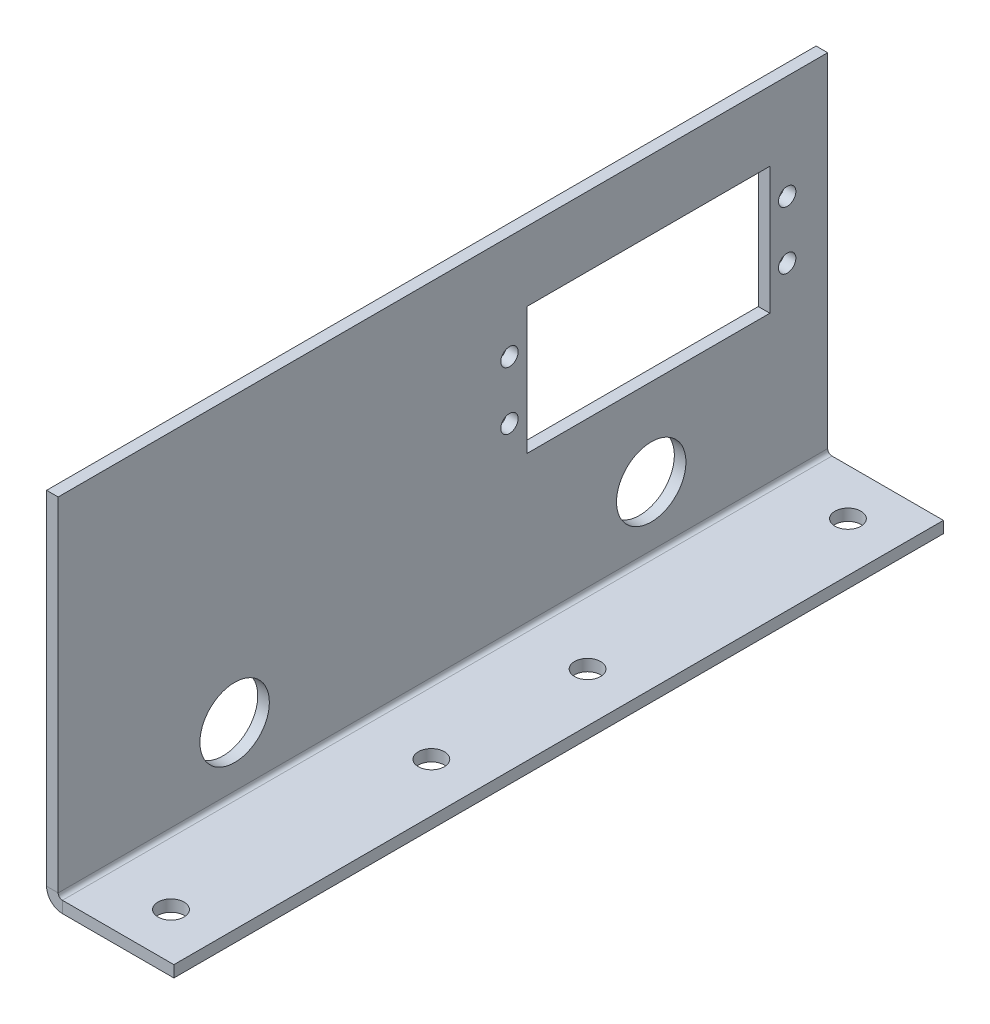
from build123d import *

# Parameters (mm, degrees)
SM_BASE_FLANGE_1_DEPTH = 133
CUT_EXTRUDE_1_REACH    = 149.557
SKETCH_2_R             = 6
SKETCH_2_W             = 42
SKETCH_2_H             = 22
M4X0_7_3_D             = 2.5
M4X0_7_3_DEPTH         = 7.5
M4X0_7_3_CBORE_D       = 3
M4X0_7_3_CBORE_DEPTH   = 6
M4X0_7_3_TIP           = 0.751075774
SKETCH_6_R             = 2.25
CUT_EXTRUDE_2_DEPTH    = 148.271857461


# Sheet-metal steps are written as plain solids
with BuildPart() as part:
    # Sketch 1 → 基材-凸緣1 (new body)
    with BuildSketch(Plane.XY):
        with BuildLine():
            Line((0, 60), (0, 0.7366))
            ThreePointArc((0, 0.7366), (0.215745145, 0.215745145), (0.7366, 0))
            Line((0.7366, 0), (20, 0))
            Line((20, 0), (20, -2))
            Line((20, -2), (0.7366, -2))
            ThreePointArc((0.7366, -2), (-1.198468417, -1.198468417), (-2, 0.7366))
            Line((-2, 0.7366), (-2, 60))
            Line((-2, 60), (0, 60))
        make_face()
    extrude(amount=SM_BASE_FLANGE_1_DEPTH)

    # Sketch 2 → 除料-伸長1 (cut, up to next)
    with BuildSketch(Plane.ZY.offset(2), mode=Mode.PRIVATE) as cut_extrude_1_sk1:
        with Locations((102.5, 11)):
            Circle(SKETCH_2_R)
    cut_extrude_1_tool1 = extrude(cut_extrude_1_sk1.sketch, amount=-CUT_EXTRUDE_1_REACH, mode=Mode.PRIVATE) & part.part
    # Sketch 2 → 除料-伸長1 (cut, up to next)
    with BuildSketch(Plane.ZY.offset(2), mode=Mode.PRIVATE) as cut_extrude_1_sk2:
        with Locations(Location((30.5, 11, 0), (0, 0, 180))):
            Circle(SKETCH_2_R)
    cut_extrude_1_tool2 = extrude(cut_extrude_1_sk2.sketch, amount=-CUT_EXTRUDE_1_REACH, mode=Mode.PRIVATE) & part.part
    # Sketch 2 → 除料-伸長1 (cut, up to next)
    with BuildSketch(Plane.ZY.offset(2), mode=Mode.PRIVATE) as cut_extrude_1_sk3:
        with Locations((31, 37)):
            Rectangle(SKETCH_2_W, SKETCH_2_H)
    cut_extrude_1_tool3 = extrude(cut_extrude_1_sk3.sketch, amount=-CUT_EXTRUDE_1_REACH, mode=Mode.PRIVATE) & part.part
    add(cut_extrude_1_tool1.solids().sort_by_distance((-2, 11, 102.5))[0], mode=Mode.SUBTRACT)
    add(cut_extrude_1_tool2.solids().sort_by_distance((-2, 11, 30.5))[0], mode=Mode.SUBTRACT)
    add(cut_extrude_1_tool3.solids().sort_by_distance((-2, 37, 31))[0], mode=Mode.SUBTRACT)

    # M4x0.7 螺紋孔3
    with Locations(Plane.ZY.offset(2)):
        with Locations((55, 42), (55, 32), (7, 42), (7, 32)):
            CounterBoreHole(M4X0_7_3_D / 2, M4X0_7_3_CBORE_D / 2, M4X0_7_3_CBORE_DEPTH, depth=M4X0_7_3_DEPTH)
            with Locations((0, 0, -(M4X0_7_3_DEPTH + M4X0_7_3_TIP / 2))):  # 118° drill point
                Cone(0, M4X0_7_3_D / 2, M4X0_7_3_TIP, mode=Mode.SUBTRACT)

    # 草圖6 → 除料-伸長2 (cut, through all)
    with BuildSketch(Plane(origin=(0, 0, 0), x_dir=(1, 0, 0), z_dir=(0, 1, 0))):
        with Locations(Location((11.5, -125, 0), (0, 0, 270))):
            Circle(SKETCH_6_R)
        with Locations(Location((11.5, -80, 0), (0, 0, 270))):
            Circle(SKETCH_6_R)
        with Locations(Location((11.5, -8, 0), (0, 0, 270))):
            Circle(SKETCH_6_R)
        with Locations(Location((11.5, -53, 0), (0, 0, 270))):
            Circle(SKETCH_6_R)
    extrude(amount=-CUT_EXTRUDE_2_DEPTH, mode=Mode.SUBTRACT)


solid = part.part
• • • •
**Required work:** Transcribe the records above exactly, leaving every picture out of the copy.

**Exercise solution:**
from build123d import *

# Parameters (mm, degrees)
SM_BASE_FLANGE_1_DEPTH = 133
CUT_EXTRUDE_1_REACH    = 149.557
SKETCH_2_R             = 6
SKETCH_2_W             = 42
SKETCH_2_H             = 22
M4X0_7_3_D             = 2.5
M4X0_7_3_DEPTH         = 7.5
M4X0_7_3_CBORE_D       = 3
M4X0_7_3_CBORE_DEPTH   = 6
M4X0_7_3_TIP           = 0.751075774
SKETCH_6_R             = 2.25
CUT_EXTRUDE_2_DEPTH    = 148.271857461


# Sheet-metal steps are written as plain solids
with BuildPart() as part:
    # Sketch 1 → 基材-凸緣1 (new body)
    with BuildSketch(Plane.XY):
        with BuildLine():
            Line((0, 60), (0, 0.7366))
            ThreePointArc((0, 0.7366), (0.215745145, 0.215745145), (0.7366, 0))
            Line((0.7366, 0), (20, 0))
            Line((20, 0), (20, -2))
            Line((20, -2), (0.7366, -2))
            ThreePointArc((0.7366, -2), (-1.198468417, -1.198468417), (-2, 0.7366))
            Line((-2, 0.7366), (-2, 60))
            Line((-2, 60), (0, 60))
        make_face()
    extrude(amount=SM_BASE_FLANGE_1_DEPTH)

    # Sketch 2 → 除料-伸長1 (cut, up to next)
    with BuildSketch(Plane.ZY.offset(2), mode=Mode.PRIVATE) as cut_extrude_1_sk1:
        with Locations((102.5, 11)):
            Circle(SKETCH_2_R)
    cut_extrude_1_tool1 = extrude(cut_extrude_1_sk1.sketch, amount=-CUT_EXTRUDE_1_REACH, mode=Mode.PRIVATE) & part.part
    # Sketch 2 → 除料-伸長1 (cut, up to next)
    with BuildSketch(Plane.ZY.offset(2), mode=Mode.PRIVATE) as cut_extrude_1_sk2:
        with Locations(Location((30.5, 11, 0), (0, 0, 180))):
            Circle(SKETCH_2_R)
    cut_extrude_1_tool2 = extrude(cut_extrude_1_sk2.sketch, amount=-CUT_EXTRUDE_1_REACH, mode=Mode.PRIVATE) & part.part
    # Sketch 2 → 除料-伸長1 (cut, up to next)
    with BuildSketch(Plane.ZY.offset(2), mode=Mode.PRIVATE) as cut_extrude_1_sk3:
        with Locations((31, 37)):
            Rectangle(SKETCH_2_W, SKETCH_2_H)
    cut_extrude_1_tool3 = extrude(cut_extrude_1_sk3.sketch, amount=-CUT_EXTRUDE_1_REACH, mode=Mode.PRIVATE) & part.part
    add(cut_extrude_1_tool1.solids().sort_by_distance((-2, 11, 102.5))[0], mode=Mode.SUBTRACT)
    add(cut_extrude_1_tool2.solids().sort_by_distance((-2, 11, 30.5))[0], mode=Mode.SUBTRACT)
    add(cut_extrude_1_tool3.solids().sort_by_distance((-2, 37, 31))[0], mode=Mode.SUBTRACT)

    # M4x0.7 螺紋孔3
    with Locations(Plane.ZY.offset(2)):
        with Locations((55, 42), (55, 32), (7, 42), (7, 32)):
            CounterBoreHole(M4X0_7_3_D / 2, M4X0_7_3_CBORE_D / 2, M4X0_7_3_CBORE_DEPTH, depth=M4X0_7_3_DEPTH)
            with Locations((0, 0, -(M4X0_7_3_DEPTH + M4X0_7_3_TIP / 2))):  # 118° drill point
                Cone(0, M4X0_7_3_D / 2, M4X0_7_3_TIP, mode=Mode.SUBTRACT)

    # 草圖6 → 除料-伸長2 (cut, through all)
    with BuildSketch(Plane(origin=(0, 0, 0), x_dir=(1, 0, 0), z_dir=(0, 1, 0))):
        with Locations(Location((11.5, -125, 0), (0, 0, 270))):
            Circle(SKETCH_6_R)
        with Locations(Location((11.5, -80, 0), (0, 0, 270))):
            Circle(SKETCH_6_R)
        with Locations(Location((11.5, -8, 0), (0, 0, 270))):
            Circle(SKETCH_6_R)
        with Locations(Location((11.5, -53, 0), (0, 0, 270))):
            Circle(SKETCH_6_R)
    extrude(amount=-CUT_EXTRUDE_2_DEPTH, mode=Mode.SUBTRACT)


solid = part.part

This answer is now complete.